Глава 2

Глава 2

Сознание вновь вернулось ко мне. На этот раз меня будто выдернуло из тишины, глухой, вязкой, как ил на дне реки. Последнее, что я помнил — это ослепительная боль, которая должна была уничтожить меня, превратив в ничто. Однако никакой боли я не испытывал, и этот факт ударил по нервам с силой разряда статического электричества.

С уверенностью я смог бы сказать только то, что сейчас мой мир состоит всего из трёх вещей, и этими вещами были: запах, скрип и пустота.

Запах. Он напомнил мне дешёвые больницы, где экономят на всём, кроме страданий. Нос раздражает едкая смесь карболки, горьких травяных отваров и застарелого пота.

Скрип. Я слышу его отчётливо. Это корпус нашего дирижабля мерно покачивается в воздухе. Мы по-прежнему в пути. Если «Удача» продолжает свой полёт, значит, мы отбились и смогли выжить.

Но самым страшным из столпов моего нынешнего мира была пустота.

Абсолютная пустота начиналась где-то в районе солнечного сплетения и уходила вниз, в бесконечность. Это чувство было совершенно не сравнимо с онемением конечностей, если их отлежать, и на потерю чувствительности из-за травмы тоже мало походило. Я бы назвал это… отсутствием. Да, именно так. Словно хирург-мясник ампутировал мне половину тела, а мой мозг об этом не был предупреждён. И вот я лежу, а подо мной словно плотная вата. Леденящая душу и сознание пустота в том месте, где должен быть я — мои ноги и руки, моё туловище, вся моя плоть.

Но я абсолютно ничего не чувствовал. Не ощущалось ни малейшего отклика организма в виде покалывания или мышечного спазма, ну, или, на худой конец, фантомного зуда. Мой вывод прост: канал связи мёртв. Так бывает, если выдернуть шлейф, что соединяет центральный процессор с периферийным оборудованием.

Паники всё ещё не было, её заменил профессиональный, лишённый эмоций интерес исследователя, который столкнулся с необъяснимым феноменом. Итак, я —это система, а моё тело — аппаратная часть. И произошёл какой-то сбой на физическом уровне.

Я снова попробовал сконцентрироваться и ощутить нижнюю часть своего тела, и на этот раз я направил для достижения цели всю свою волю.

Но чуда не произошло. Я лежал и прислушивался к своему телу. Ничего не изменилось. Левая нога не восприняла мои команды и даже не шелохнулась. Где бы она ни была, возможно, её уже не существовало для моей нервной системы.

После этой неудачной попытки в меня начала проникать первая, очень тонкая, но леденящая разум игла страха. Она прошивала мою броню логики и отстранённого анализа и зарождала во мне неприятные подозрения.

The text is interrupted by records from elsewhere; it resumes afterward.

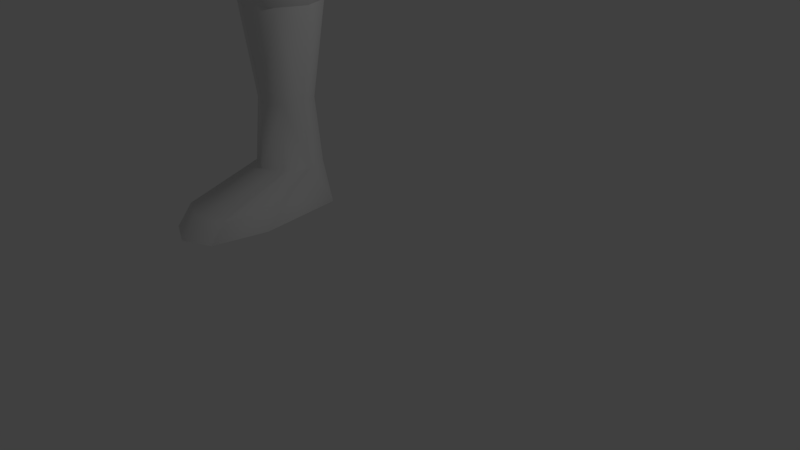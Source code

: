 # Source: scout.blend  (saved by Blender 2.79.0; exported with 4.5.12 LTS)
import bpy
from mathutils import Matrix  # noqa: F401  (used for matrix-valued properties, if any)

bpy.ops.wm.read_factory_settings(use_empty=True)
scene = bpy.context.scene
scene.name = 'Scene'

# ---- collections
col_collection_1 = bpy.data.collections.new('Collection 1'); scene.collection.children.link(col_collection_1)

# ---- materials (node trees are filled in below, after node groups)
mat_material = bpy.data.materials.new('Material')
mat_material.alpha_threshold = 0.0
mat_material.use_transparent_shadow = False
mat_material.roughness = 0.5
mat_material.line_color = (0.0, 0.0, 0.0, 1.0)

# ---- material node trees

# ---- world
world_world = bpy.data.worlds.new('World'); scene.world = world_world
world_world.color = (0.05088, 0.05088, 0.05088)
world_world.use_sun_shadow = False
world_world.sun_shadow_jitter_overblur = 0.0
world_world.cycles.sampling_method = 'MANUAL'

# ---- cameras
cam_camera = bpy.data.cameras.new('Camera')
cam_camera.clip_end = 100.0
cam_camera.lens = 35.0
cam_camera.sensor_width = 32.0
cam_camera.sensor_height = 18.0
cam_camera.ortho_scale = 7.314
cam_camera.dof.focus_distance = 0.0
cam_camera.dof.aperture_fstop = 128.0

# ---- lights
light_lamp = bpy.data.lights.new('Lamp', 'POINT')
light_lamp.transmission_factor = 0.0
light_lamp.cutoff_distance = 30.0
light_lamp.energy = 100.0
light_lamp.shadow_buffer_clip_start = 1.001
light_lamp.shadow_soft_size = 0.1
light_lamp.shadow_maximum_resolution = 0.006
light_lamp.use_absolute_resolution = True

# ---- meshes
me_cube = bpy.data.meshes.new('Cube')
me_cube.from_pydata([(-1.549, 0.4854, 3.021), (-1.001, -0.03742, 3.019), (-1.536, -0.6133, 3.021), (-2.101, -0.05034, 3.024), (-1.547, 0.6786, 3.262), (-0.8313, -0.03417, 3.259), (-1.531, -0.7124, 3.262), (-2.224, -0.05052, 3.265), (-1.158, 0.3424, 3.02), (-1.156, -0.4265, 3.02), (-1.926, -0.4362, 3.023), (-1.935, 0.3406, 3.023), (-1.046, 0.4526, 3.259), (-1.043, -0.5274, 3.26), (-2.024, -0.5397, 3.265), (-2.035, 0.4503, 3.264), (-1.525, 0.7875, 5.365), (-0.804, 0.09871, 5.505), (-1.499, -0.5642, 5.641), (-2.197, 0.07541, 5.511), (-1.022, 0.5705, 5.408), (-1.012, -0.3818, 5.603), (-1.993, -0.3988, 5.608), (-2.011, 0.5632, 5.411), (-1.534, 0.722, 4.399), (-0.7556, -0.049, 4.441), (-1.513, -0.7848, 4.485), (-2.268, -0.06889, 4.447), (-0.9896, 0.4779, 4.411), (-0.9845, -0.5836, 4.472), (-2.049, -0.5985, 4.477), (-2.064, 0.474, 4.416), (-1.548, 0.3124, 1.755), (-1.177, -0.0413, 1.753), (-1.539, -0.4309, 1.755), (-1.921, -0.05004, 1.756), (-1.283, 0.2157, 1.753), (-1.282, -0.3045, 1.753), (-1.803, -0.3111, 1.756), (-1.809, 0.2145, 1.756), (-1.549, 0.4447, 0.2446), (-1.001, -0.8424, 0.242), (-1.536, -1.785, 0.2444), (-2.101, -0.8553, 0.247), (-1.158, 0.3624, 0.2427), (-1.156, -1.598, 0.2427), (-1.926, -1.608, 0.2463), (-1.935, 0.3614, 0.2463), (-1.548, 0.3876, 0.8654), (-1.101, -0.03961, 0.8633), (-1.538, -0.5102, 0.8652), (-2.0, -0.05017, 0.8674), (-1.229, 0.2707, 0.8638), (-1.227, -0.3575, 0.8638), (-1.856, -0.3654, 0.8668), (-1.864, 0.2693, 0.8668), (-1.001, -0.6255, 0.5107), (-1.536, -1.568, 0.513), (-2.101, -0.6384, 0.5156), (-1.156, -1.381, 0.5113), (-1.926, -1.391, 0.515)], [], [(5, 1, 8, 12), (4, 12, 8, 0), (6, 14, 10, 2), (15, 11, 3, 7), (4, 0, 11, 15), (7, 3, 10, 14), (5, 13, 9, 1), (6, 2, 9, 13), (12, 4, 24, 28), (15, 31, 24, 4), (15, 7, 27, 31), (14, 30, 27, 7), (14, 6, 26, 30), (13, 29, 26, 6), (13, 5, 25, 29), (12, 28, 25, 5), (21, 29, 25, 17), (21, 18, 26, 29), (22, 30, 26, 18), (22, 19, 27, 30), (23, 31, 27, 19), (23, 16, 24, 31), (20, 28, 24, 16), (20, 17, 25, 28), (9, 2, 34, 37), (10, 38, 34, 2), (10, 3, 35, 38), (11, 39, 35, 3), (11, 0, 32, 39), (8, 36, 32, 0), (8, 1, 33, 36), (9, 37, 33, 1), (44, 40, 48, 52), (47, 55, 48, 40), (59, 45, 41, 56), (45, 59, 57, 42), (46, 42, 57, 60), (60, 58, 43, 46), (47, 43, 58), (51, 55, 47, 58), (44, 56, 41), (49, 56, 44, 52), (43, 47, 40, 44, 41), (46, 43, 41, 45), (46, 45, 42), (53, 50, 57, 59), (54, 60, 57, 50), (54, 51, 58, 60), (53, 59, 56, 49), (38, 54, 50, 34), (37, 34, 50, 53), (37, 53, 49, 33), (36, 33, 49, 52), (36, 52, 48, 32), (39, 32, 48, 55), (39, 55, 51, 35), (38, 35, 51, 54)])
me_cube.polygons.foreach_set('use_smooth', [True] * 57)
_k = set([(0, 8), (0, 11), (1, 8), (1, 9), (2, 9), (2, 10), (3, 10), (3, 11), (40, 44), (40, 47), (41, 44), (41, 45), (42, 45), (42, 46), (43, 46), (43, 47)])
me_cube.attributes.new('sharp_edge', 'BOOLEAN', 'EDGE').data.foreach_set('value', [ (min(e.vertices), max(e.vertices)) in _k for e in me_cube.edges])
me_cube.materials.append(mat_material)
me_cube.use_remesh_preserve_volume = False
me_cube.use_remesh_preserve_attributes = False
me_cube.use_mirror_vertex_groups = False
me_cube.update()

# ---- objects
ob_cube = bpy.data.objects.new('Cube', me_cube)
ob_lamp = bpy.data.objects.new('Lamp', light_lamp)
ob_camera = bpy.data.objects.new('Camera', cam_camera)

# ---- transforms, parenting, visibility, modifiers, constraints
ob_cube.location = (0.0, 0.0, 0.0)
ob_cube.lock_rotations_4d = False
ob_cube.empty_display_type = 'ARROWS'
ob_cube.lineart.crease_threshold = 0.0
ob_lamp.location = (4.076, 1.005, 5.904)
ob_lamp.rotation_euler = (0.6503, 0.05522, 1.866)
ob_lamp.lock_rotations_4d = False
ob_lamp.empty_display_type = 'ARROWS'
ob_lamp.color = (0.0, 0.0, 0.0, 0.0)
ob_lamp.lineart.crease_threshold = 0.0
ob_camera.location = (7.481, -6.508, 5.344)
ob_camera.rotation_euler = (1.109, 0.0, 0.8149)
ob_camera.lock_rotations_4d = False
ob_camera.empty_display_type = 'ARROWS'
ob_camera.color = (0.0, 0.0, 0.0, 0.0)
ob_camera.display_type = 'WIRE'
ob_camera.lineart.crease_threshold = 0.0

# ---- collection membership
col_collection_1.objects.link(ob_cube)
col_collection_1.objects.link(ob_lamp)
col_collection_1.objects.link(ob_camera)

# ---- scene / render settings (as saved in the file)
scene.camera = ob_camera
scene.frame_start = 1; scene.frame_end = 250; scene.frame_set(1)
scene.render.engine = 'BLENDER_EEVEE_NEXT'
scene.render.resolution_percentage = 50
scene.render.dither_intensity = 0.0
scene.cycles.use_denoising = False
scene.cycles.samples = 128
scene.cycles.sampling_pattern = 'TABULATED_SOBOL'
scene.cycles.use_adaptive_sampling = False
scene.cycles.use_light_tree = False
scene.cycles.blur_glossy = 0.0
scene.cycles.sample_clamp_indirect = 0.0
scene.view_settings.view_transform = 'Standard'
bpy.context.view_layer.update()

Я открыл глаза и увидел тусклый свет масляной лампы, качающейся в такт движению дирижабля, низкий потолок с темными от влаги пятнами, а рядом ещё одна койка, пустая. Я в лазарете. Или в какой-то каюте, переоборудованной под него.

Я с трудом опёрся на локти и приподнялся. Руки слушались меня, торс, спина до середины тоже. Я чувствовал жесткую, колючую ткань одеяла, которым был укрыт.

А потом я посмотрел вниз.

Мои ноги. Они были на месте. Две бледные, незнакомые мне конечности безвольно лежали под одеялом. Да, ноги были там, я их видел, но они не были моими. Я смотрел на них как на пару ботинок, стоящих у кровати, не воспринимая конечности частью себя. Это предметы. Такие же, как пресловутые ботинки. Отдельные, чужие, не имеющие ко мне никакого отношения.

Руки. Руки слушаются меня. Я протянул одну и дотронулся ею до колена. Кожа была прохладной. Я надавил сильнее, ногти впились в кожу, обтягивающую колени. Пальцы давили, отчётливо чувствовали упругость мышц, но в ноге никаких ощущений по-прежнему не было, для нижней конечности этого прикосновения не существовало.

Вот она, реальность, она же и приговор. Абсолютно сухой и достоверный факт, а не мнимый диагноз, написанный на бумаге или произнесённый вслух врачом, а вынесенный самой реальность. Значит, треск позвоночника на палубе, что я слышал, не был моим предсмертным бредом. Это был вполне реальный звук, с которым оборвалась связь с нижней частью тела.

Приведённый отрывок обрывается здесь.